# Building a lifesize hatbox ghost!!!!!



## Great Pumpkin (Feb 21, 2011)

Ok guys I am attempting to build a lifesize Hatbox Ghost! I started sculpting a new head for it last night. I want to try and get this as close to the original as possible!!!! All critiques are welcome!!! I would like this to become a forum project as well as a personal one! i will be posting pics of the head sculpt later today!


----------



## The_Caretaker (Mar 6, 2007)

Lookin forward to it


----------



## [email protected] (Aug 25, 2012)

Cool project. This is the sort of character I really like. He has a great back story too.


----------



## heresjohnny (Feb 15, 2006)

Are you planning on trying the effect of the head moving to the box? I spent the day at the Mansion a couple of weeks ago, love that place, and have enjoyed watching you recreate some of the elements.


----------



## Great Pumpkin (Feb 21, 2011)

Thanks guys. He is going to be a challenge for sure. I didnt get a chance to post his head scukpt yet. Got caught up wiith other things yesrerday. I hope to have it up today or lastest tomotrrow. I would like to make his hatbox where you can see the 2nd head from inside. So I dont know if I would be sculpting his hat box as well. Anyway this is going to be a real challenge!


----------



## Pumpkin5 (Aug 8, 2010)

:jol:This is going to be GOOD! (I am sort of anxious to see how you pull it off, my Hatbox display piece that I got from you last year really needs a body for this year.) I was thinking something less professional...like PVC, duct tape and some prayers. I am sure you will come up with something amazing, per your usual!


----------



## Great Pumpkin (Feb 21, 2011)

thanks P5! im sure whatever you build his body with will be awesome!!!!!


----------



## SuperCreep31 (Nov 22, 2009)

Pumpkin5 said:


> :jol:This is going to be GOOD! (I am sort of anxious to see how you pull it off, my Hatbox display piece that I got from you last year really needs a body for this year.) I was thinking something less professional...like PVC, duct tape and some prayers. I am sure you will come up with some amazing, per your usual!

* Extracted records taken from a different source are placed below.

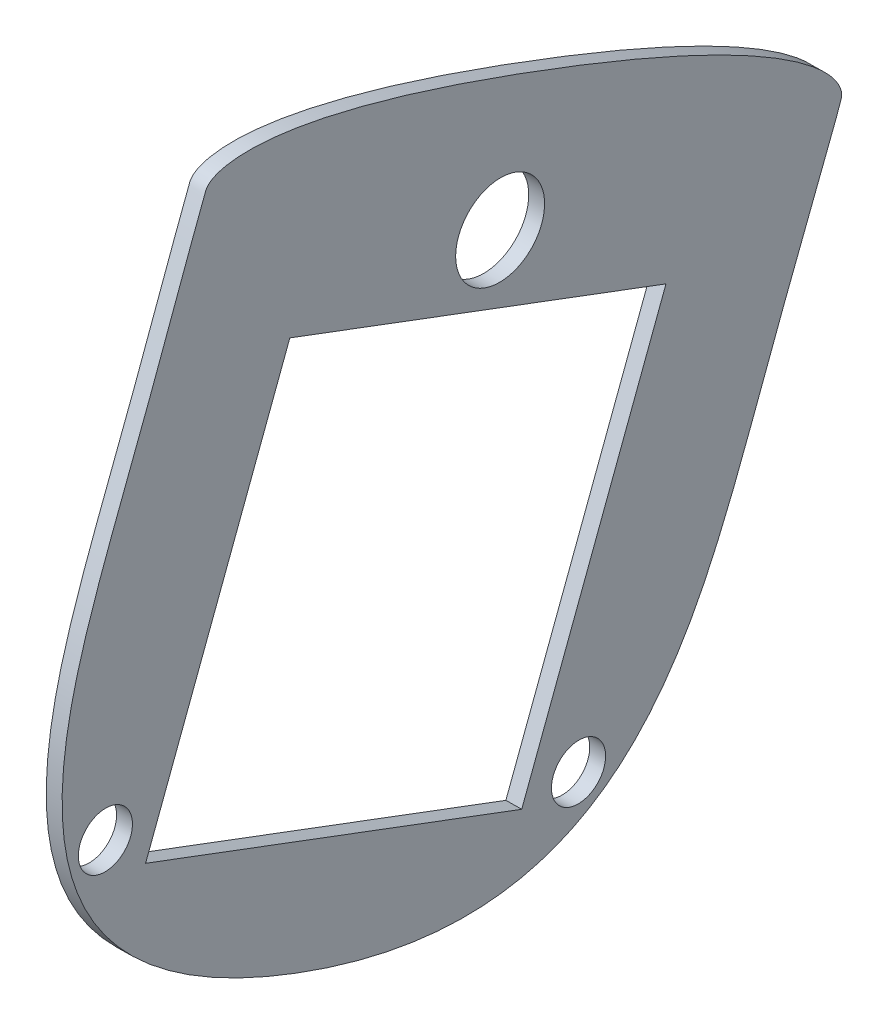
SolidWorks part; units mm, degrees
ref_plane "Front Plane" through (0, 0, 0) normal (0, 0, 1) x (1, 0, 0)
ref_plane "Top Plane" through (0, 0, 0) normal (0, 1, 0) x (1, 0, 0)
ref_plane "Right Plane" through (0, 0, 0) normal (1, 0, 0) x (0, 0, -1)
sketch "Sketch2" plane through (-865.3739, -0.0001, 10.9842) normal (-0.9999, 0, 0.0127) x (0.0127, 0, 0.9999)
  circle A0 centre (-17.1866, -9.2159) radius 6 construction
  circle A1 centre (105.1276, 37.6907) radius 6 construction
  circle A2 centre (-17.1866, -9.2159) radius 6
  circle A3 centre (105.1276, 37.6907) radius 6
  circle A4 centre (2.5155, 122.3361) radius 11.5 construction
  circle A5 centre (2.5155, 122.3361) radius 11.5
  point P0 (84.5639, 170.2439)
  point P1 (79.9592, 168.2953)
  dimension "D4" = 23
  dimension "D1" = 5
ref_plane "Plane1" through (-1179.5486, -0.0001, 14.972) normal (-0.9999, 0, 0.0127) x (0.0127, 0, 0.9999)
sketch "Sketch3" plane through (-1179.5486, -0.0001, 14.972) normal (-0.9999, 0, 0.0127) x (0.0127, 0, 0.9999)
  line L2 (-2.4987, -10.0092) -> (94.7364, 27.2797)
  line L6 (94.7364, 27.2797) -> (57.4475, 124.5149)
  line L7 (57.4475, 124.5149) -> (-39.7876, 87.2259)
  line L8 (-39.7876, 87.2259) -> (-2.4987, -10.0092)
  circle A3 centre (105.1276, 37.6907) radius 7
  circle A8 centre (3.0884, 120.8422) radius 11.5
  circle A9 centre (-17.1866, -9.2159) radius 7
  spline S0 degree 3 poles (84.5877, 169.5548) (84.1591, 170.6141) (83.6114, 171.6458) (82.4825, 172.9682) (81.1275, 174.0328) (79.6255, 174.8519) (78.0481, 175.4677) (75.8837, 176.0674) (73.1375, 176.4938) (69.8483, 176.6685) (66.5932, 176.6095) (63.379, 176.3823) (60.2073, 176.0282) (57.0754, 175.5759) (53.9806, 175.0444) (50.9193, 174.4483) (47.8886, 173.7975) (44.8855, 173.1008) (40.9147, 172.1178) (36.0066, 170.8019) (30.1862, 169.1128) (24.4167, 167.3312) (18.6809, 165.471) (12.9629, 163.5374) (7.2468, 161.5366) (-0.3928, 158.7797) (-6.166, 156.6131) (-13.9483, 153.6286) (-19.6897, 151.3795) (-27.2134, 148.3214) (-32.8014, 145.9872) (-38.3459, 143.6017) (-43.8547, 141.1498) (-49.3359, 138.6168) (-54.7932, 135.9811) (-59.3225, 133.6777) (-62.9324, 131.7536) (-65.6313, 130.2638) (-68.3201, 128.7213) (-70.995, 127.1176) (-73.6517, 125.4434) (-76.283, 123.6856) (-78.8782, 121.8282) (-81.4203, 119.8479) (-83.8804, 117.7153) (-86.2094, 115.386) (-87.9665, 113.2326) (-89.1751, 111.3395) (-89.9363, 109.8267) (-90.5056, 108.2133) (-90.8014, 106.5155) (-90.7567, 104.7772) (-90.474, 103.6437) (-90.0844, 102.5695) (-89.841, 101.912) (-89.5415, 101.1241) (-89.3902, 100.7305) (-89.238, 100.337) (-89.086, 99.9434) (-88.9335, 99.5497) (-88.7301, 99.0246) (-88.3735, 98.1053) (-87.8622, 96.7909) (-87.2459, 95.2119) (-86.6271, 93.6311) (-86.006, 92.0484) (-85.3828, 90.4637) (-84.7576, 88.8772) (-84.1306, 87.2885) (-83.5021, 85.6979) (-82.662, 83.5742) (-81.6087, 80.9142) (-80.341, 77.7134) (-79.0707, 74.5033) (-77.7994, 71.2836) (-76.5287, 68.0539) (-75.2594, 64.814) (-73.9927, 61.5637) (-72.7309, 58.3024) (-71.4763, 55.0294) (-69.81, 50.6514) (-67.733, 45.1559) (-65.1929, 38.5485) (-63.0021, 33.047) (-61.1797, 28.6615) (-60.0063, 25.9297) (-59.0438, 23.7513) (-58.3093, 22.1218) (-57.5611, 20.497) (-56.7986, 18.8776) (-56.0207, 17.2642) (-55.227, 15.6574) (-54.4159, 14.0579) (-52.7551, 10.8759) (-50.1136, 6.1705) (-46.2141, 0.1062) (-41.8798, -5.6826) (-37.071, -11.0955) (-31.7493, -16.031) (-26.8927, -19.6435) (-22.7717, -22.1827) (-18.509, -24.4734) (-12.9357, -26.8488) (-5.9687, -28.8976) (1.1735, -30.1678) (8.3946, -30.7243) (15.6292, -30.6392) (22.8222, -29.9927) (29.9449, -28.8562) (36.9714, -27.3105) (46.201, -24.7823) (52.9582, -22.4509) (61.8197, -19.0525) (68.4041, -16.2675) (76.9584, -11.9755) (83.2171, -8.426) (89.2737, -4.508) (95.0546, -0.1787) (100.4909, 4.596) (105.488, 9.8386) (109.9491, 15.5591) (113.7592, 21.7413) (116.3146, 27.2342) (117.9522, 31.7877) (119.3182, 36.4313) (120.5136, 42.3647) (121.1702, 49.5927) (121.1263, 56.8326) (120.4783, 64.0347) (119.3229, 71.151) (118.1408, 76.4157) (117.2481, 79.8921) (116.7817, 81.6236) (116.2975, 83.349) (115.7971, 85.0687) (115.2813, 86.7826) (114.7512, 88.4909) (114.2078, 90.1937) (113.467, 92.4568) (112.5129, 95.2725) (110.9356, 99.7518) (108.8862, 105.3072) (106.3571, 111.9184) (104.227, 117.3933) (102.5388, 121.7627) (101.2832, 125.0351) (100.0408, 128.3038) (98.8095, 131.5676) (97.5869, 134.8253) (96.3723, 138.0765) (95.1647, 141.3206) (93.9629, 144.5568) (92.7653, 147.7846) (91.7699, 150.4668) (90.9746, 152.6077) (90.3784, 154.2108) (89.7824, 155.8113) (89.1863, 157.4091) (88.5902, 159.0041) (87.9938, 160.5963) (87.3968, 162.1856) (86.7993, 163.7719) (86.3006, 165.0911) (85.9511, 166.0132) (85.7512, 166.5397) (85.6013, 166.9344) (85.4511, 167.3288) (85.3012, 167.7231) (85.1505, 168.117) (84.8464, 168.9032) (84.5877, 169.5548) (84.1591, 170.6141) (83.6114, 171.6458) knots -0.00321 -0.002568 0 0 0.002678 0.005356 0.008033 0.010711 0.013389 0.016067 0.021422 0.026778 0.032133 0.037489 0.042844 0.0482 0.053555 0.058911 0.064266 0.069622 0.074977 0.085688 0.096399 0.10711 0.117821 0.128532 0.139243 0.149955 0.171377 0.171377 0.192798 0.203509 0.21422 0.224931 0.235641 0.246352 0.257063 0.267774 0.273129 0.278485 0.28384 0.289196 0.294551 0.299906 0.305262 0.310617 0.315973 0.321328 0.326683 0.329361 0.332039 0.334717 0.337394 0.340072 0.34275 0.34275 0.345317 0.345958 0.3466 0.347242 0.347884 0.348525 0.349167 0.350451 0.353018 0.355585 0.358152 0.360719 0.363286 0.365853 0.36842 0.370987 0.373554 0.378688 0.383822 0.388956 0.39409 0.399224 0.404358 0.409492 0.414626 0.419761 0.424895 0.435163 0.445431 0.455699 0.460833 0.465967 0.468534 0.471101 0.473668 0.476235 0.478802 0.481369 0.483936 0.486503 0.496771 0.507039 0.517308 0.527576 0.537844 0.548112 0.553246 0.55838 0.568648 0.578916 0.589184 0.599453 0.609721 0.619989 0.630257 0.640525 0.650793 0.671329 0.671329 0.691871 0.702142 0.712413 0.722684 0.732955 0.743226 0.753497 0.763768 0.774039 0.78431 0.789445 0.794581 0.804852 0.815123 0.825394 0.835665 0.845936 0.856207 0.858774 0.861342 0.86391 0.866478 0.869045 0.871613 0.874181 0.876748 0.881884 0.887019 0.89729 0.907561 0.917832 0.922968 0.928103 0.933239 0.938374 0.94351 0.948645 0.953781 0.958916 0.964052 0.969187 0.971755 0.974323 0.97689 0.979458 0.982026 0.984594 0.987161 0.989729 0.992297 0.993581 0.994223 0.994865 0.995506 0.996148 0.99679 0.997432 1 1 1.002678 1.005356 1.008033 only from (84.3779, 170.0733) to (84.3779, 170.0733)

Actually, if you have ever seen the sketches for the original hatbox in the Haunted Mansion it was pretty much PVC type material and wire as well! Cloth draped over it is what actually gave it shape!


----------



## Great Pumpkin (Feb 21, 2011)

*Resin Hatbox Ghost Head for our Life size Prop*

Ok guys I just got done with this guy. he will be the head for our life size Hatbox Ghost we are building this year. He is diffrent from the other hattys I have done. He is made of resin and I think he is the closest I have come to the original Hatty. Here is a pic and thanks for looking!


----------



## Aquayne (Sep 1, 2008)

That us fantastic. I love the yellow tooth. Great detail.


----------



## CreeepyCathy (Mar 28, 2009)

WOW! Fantastic job.... as always..


----------



## kprimm (Mar 14, 2009)

You truly are The GREAT! Pumpkin. Now I can tell everyone that the great pumpkin does exist. Great job as always. Right out of Disney World.


----------



## Great Pumpkin (Feb 21, 2011)

Cathy and Kprimm you are always so very kind! Thank You!


----------



## Great Pumpkin (Feb 21, 2011)

Just re did his hat made it whiter!


----------



## [email protected] (Aug 25, 2012)

It looks great... Seems like a small change but it really brings the look together.


----------



## Great Pumpkin (Feb 21, 2011)

[email protected] said:


> It looks great... Seems like a small change but it really brings the look together.


 Yes it does. Makes him pop!


----------



## EverydayisHalloween311 (Oct 14, 2011)

That is sweet!


----------



## dudeamis (Oct 16, 2011)

I love this vintage look, great sculpt. Are you going to include the illusion too?


----------



## Great Pumpkin (Feb 21, 2011)

dudeamis said:


> I love this vintage look, great sculpt. Are you going to include the illusion too?


 Going to try!:jol:


----------



## blueikaos (Oct 18, 2011)

Very cool!


----------



## kauldron (Oct 17, 2011)

Awesome sculpt. Can't wait to see the finished project.


----------